### Data provided:
--------------------------------------------------

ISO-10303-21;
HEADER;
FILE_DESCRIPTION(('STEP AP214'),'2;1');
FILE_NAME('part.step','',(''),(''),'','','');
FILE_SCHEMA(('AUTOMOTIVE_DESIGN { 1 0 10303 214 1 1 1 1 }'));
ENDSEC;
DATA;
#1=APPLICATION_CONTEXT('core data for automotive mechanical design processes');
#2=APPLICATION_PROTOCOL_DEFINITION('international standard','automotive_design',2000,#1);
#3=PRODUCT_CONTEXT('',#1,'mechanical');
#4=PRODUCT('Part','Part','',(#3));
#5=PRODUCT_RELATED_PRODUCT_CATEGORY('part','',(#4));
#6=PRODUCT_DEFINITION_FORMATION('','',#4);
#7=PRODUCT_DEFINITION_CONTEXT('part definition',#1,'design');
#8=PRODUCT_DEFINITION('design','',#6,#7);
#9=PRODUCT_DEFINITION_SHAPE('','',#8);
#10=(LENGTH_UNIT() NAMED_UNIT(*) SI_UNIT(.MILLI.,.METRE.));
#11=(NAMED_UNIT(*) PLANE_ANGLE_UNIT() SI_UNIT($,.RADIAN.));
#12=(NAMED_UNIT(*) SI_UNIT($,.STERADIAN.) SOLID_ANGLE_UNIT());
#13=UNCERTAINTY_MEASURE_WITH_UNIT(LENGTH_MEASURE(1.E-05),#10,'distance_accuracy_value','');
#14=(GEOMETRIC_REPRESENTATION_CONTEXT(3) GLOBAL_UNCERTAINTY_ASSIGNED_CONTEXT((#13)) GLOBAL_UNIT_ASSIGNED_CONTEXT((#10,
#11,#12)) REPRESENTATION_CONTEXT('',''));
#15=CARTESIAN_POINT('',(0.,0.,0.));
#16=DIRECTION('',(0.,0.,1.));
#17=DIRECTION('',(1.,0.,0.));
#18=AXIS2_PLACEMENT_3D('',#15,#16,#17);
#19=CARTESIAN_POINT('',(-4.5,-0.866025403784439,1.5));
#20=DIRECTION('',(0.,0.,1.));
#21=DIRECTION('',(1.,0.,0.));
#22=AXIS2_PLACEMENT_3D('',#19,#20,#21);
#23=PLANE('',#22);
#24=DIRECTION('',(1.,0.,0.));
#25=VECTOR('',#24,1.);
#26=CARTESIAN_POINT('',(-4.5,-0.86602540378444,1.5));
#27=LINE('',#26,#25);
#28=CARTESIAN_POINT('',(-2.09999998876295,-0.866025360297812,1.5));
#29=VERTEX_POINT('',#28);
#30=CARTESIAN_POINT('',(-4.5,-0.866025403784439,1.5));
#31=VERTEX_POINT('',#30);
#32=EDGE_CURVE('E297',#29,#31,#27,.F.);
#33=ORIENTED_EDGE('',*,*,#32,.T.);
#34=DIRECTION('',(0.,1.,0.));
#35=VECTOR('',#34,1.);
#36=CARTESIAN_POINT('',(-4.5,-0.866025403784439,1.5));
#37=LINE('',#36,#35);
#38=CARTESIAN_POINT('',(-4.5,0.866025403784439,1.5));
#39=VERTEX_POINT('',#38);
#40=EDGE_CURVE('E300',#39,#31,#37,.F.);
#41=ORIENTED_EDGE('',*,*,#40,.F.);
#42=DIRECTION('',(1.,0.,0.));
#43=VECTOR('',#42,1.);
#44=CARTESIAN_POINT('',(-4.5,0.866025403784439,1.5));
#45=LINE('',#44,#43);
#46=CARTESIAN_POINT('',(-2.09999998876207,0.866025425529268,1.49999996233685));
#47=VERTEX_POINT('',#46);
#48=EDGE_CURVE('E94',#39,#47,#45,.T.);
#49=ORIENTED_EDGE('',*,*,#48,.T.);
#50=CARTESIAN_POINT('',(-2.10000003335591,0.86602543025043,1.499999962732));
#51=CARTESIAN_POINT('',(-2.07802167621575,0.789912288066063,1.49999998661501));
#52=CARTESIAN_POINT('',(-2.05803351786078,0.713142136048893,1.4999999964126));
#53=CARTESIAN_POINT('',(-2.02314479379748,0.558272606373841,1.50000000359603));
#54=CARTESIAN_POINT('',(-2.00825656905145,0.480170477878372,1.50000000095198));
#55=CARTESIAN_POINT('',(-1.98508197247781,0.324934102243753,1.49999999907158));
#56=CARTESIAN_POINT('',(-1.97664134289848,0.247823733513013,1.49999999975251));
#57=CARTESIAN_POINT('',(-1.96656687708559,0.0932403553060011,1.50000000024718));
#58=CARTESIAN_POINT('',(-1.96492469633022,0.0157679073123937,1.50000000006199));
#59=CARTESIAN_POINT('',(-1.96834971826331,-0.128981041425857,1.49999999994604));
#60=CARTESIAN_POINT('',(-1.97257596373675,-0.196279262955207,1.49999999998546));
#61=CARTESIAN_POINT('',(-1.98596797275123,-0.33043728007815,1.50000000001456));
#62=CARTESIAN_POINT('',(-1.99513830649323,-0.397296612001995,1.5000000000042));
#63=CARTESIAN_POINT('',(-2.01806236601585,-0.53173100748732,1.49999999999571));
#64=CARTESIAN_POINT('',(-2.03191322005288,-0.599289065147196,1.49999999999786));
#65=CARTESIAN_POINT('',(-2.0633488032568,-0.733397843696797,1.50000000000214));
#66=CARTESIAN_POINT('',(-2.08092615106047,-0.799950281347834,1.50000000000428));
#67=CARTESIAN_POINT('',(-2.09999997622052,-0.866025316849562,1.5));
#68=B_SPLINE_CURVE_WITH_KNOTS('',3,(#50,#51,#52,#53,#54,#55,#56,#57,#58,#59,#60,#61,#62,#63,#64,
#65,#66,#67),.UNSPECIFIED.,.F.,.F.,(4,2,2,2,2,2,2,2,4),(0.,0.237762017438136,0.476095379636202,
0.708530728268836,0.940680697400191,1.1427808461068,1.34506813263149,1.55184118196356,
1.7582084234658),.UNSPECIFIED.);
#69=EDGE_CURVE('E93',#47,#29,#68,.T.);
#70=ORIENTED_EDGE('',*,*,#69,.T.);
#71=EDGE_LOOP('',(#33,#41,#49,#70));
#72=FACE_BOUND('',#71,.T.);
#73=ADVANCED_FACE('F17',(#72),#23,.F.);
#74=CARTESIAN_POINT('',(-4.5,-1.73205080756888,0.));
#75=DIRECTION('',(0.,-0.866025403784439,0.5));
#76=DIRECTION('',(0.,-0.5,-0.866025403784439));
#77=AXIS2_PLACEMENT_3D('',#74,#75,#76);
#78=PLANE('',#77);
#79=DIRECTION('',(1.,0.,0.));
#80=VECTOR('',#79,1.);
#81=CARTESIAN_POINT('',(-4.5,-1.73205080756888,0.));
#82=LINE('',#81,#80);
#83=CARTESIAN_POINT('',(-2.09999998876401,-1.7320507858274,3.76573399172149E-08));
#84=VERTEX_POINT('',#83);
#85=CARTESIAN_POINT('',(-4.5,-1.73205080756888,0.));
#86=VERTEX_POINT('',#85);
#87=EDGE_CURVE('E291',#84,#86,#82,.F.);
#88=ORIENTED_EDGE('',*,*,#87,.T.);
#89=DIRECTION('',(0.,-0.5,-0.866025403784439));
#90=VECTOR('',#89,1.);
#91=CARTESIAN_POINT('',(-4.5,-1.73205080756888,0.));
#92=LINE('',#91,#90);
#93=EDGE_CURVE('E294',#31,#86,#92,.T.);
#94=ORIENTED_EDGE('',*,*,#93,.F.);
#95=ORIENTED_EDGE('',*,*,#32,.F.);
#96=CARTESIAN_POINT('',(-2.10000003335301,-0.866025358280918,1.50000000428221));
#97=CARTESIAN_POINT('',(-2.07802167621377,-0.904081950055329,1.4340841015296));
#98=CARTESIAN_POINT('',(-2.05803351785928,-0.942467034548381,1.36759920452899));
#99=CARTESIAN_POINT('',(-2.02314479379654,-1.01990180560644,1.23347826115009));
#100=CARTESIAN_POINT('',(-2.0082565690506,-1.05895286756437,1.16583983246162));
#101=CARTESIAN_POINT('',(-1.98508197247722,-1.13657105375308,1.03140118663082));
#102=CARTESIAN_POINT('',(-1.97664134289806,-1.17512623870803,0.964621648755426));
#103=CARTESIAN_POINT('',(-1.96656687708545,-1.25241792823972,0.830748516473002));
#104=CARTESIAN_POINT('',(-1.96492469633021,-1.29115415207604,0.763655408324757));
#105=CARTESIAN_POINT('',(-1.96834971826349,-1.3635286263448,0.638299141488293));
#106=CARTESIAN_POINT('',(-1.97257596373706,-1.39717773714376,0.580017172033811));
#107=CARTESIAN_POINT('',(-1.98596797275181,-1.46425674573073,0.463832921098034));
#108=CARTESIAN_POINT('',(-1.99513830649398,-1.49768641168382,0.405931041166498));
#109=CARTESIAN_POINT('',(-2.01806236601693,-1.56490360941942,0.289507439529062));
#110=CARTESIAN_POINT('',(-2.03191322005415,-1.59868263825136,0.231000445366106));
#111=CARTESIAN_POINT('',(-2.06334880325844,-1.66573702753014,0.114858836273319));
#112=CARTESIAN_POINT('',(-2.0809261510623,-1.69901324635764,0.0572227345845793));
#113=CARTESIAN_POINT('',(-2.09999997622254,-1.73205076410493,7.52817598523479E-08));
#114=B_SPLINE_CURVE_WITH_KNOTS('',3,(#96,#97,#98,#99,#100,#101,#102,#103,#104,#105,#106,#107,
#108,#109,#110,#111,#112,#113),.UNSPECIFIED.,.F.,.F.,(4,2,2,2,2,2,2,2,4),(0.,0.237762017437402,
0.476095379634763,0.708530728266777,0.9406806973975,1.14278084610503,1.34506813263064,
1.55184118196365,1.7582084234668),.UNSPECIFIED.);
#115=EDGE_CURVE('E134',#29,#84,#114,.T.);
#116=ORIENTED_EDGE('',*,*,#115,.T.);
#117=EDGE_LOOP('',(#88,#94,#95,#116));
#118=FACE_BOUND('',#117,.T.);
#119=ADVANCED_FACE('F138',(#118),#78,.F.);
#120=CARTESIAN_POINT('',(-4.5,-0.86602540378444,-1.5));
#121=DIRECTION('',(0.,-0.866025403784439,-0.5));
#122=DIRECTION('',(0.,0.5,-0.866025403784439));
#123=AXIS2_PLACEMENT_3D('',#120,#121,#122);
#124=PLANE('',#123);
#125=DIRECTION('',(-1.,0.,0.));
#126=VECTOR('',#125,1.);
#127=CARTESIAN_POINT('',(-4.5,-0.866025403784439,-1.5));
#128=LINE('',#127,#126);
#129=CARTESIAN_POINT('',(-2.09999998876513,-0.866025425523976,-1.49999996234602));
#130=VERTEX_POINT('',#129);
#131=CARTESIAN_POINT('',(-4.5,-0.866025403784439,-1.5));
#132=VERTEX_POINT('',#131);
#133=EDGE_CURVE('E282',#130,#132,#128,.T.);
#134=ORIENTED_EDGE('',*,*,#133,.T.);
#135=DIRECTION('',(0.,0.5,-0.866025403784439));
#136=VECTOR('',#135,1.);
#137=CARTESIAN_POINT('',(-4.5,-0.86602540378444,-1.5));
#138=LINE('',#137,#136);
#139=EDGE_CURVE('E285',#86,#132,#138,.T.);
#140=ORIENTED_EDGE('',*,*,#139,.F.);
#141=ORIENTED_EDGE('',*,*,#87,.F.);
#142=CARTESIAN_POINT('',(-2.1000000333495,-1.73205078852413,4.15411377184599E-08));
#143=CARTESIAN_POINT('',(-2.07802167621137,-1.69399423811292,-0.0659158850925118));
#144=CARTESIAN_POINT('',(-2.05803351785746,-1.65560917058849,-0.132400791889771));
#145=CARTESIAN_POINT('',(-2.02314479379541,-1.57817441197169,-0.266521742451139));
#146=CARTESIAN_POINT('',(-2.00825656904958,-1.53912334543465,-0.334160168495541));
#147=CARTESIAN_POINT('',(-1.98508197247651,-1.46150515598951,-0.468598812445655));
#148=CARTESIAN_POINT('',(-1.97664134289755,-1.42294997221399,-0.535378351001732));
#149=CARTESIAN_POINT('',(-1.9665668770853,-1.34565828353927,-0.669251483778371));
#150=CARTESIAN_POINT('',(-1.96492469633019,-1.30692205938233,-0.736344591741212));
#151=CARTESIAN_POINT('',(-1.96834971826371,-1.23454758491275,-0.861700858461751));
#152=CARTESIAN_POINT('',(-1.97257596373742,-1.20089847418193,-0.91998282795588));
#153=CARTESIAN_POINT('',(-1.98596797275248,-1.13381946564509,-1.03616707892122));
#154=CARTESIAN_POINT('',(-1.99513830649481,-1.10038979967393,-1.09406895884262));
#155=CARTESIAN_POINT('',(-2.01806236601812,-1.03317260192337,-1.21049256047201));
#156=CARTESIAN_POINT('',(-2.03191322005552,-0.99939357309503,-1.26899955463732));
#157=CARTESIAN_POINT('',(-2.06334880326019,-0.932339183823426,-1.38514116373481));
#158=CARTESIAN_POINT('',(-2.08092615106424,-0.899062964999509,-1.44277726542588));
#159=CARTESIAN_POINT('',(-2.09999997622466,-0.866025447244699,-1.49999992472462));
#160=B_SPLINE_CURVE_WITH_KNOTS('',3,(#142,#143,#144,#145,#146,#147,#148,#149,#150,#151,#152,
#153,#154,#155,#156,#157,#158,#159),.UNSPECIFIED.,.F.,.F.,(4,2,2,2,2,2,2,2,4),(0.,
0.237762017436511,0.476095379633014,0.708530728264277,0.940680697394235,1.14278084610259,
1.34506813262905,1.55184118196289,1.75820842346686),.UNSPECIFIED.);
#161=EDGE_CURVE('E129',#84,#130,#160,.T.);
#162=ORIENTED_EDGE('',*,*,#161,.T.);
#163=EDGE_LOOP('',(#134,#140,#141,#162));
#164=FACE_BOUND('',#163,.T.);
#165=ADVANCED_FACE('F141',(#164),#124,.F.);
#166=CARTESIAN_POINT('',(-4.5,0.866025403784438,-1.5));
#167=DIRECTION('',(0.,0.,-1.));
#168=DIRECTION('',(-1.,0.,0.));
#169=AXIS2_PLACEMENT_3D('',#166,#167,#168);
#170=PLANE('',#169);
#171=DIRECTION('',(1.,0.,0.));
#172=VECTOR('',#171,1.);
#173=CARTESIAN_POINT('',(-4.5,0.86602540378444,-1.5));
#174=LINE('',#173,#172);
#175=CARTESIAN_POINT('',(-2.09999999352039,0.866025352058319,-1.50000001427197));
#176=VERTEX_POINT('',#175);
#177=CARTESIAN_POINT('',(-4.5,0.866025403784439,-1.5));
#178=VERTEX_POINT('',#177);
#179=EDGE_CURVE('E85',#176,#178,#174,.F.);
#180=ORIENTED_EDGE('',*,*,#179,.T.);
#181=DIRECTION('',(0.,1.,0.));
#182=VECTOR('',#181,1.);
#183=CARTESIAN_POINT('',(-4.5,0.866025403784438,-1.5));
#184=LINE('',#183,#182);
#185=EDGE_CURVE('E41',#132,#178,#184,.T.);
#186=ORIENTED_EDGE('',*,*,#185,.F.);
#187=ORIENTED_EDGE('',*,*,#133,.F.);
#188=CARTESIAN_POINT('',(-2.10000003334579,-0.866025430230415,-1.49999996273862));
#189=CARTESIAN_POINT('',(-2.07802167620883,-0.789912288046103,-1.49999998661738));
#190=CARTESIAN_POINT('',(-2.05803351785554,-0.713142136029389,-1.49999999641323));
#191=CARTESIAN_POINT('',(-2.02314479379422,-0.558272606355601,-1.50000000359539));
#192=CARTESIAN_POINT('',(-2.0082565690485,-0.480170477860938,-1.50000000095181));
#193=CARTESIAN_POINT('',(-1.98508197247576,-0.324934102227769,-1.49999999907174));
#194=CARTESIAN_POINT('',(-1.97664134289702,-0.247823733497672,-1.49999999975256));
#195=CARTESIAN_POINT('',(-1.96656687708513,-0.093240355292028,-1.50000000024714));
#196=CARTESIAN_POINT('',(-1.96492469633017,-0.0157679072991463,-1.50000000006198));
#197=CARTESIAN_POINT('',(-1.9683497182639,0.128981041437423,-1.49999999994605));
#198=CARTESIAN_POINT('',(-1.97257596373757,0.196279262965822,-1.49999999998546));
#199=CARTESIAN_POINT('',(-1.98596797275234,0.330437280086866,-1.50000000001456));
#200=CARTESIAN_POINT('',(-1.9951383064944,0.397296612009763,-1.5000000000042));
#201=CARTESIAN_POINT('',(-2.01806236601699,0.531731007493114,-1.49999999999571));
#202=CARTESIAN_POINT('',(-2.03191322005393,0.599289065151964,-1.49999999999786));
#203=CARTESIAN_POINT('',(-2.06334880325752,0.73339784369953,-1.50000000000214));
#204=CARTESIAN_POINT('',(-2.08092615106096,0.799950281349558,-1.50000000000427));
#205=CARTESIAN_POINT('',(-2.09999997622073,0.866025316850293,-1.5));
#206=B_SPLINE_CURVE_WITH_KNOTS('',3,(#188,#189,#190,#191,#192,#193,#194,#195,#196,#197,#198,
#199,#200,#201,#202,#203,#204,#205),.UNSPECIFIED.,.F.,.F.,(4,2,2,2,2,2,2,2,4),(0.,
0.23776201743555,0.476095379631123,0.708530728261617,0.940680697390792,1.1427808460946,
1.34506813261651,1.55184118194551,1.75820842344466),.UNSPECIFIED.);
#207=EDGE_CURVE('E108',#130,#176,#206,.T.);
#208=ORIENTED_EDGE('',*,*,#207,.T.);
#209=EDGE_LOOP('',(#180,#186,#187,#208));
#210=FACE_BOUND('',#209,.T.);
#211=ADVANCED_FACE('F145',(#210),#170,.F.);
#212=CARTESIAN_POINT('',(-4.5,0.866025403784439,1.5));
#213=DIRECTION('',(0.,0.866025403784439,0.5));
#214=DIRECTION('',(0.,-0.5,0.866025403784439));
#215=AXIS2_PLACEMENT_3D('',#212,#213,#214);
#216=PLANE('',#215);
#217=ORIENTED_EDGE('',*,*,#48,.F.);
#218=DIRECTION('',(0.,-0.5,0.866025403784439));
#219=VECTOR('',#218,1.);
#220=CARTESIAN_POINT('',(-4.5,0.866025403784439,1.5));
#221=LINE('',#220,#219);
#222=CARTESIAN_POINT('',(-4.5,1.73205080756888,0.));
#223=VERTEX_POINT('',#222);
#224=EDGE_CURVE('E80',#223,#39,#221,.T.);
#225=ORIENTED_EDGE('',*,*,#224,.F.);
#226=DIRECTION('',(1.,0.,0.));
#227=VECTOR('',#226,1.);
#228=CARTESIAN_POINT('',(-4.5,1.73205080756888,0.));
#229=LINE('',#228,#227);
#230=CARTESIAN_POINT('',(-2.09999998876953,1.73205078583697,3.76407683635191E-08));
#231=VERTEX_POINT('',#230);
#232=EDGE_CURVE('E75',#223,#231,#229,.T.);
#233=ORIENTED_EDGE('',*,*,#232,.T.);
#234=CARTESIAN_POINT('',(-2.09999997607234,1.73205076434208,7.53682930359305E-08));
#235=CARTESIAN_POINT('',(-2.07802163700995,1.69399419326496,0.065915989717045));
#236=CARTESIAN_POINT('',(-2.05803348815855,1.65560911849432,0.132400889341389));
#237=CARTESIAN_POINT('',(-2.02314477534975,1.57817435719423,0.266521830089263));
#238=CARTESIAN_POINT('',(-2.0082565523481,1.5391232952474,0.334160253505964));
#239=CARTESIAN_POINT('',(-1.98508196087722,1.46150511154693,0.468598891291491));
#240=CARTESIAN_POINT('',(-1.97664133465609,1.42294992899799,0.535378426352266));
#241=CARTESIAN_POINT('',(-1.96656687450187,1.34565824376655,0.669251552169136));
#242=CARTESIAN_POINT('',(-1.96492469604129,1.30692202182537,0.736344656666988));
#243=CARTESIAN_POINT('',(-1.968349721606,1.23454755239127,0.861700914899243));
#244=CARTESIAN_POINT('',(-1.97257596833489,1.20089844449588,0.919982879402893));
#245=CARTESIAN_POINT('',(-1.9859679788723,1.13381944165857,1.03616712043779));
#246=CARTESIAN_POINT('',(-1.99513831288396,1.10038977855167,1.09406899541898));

--------------------------------------------------

### Work to complete:
Using the entries above, give back exactly the line containing "#131=CARTESIAN_POINT('',(-4.5,-0.866025403784439,-1.5));", the line containing "#136=VECTOR('',#135,1.);", and every line between them, and nothing else.

### Expected answer:
#131=CARTESIAN_POINT('',(-4.5,-0.866025403784439,-1.5));
#132=VERTEX_POINT('',#131);
#133=EDGE_CURVE('E282',#130,#132,#128,.T.);
#134=ORIENTED_EDGE('',*,*,#133,.T.);
#135=DIRECTION('',(0.,0.5,-0.866025403784439));
#136=VECTOR('',#135,1.);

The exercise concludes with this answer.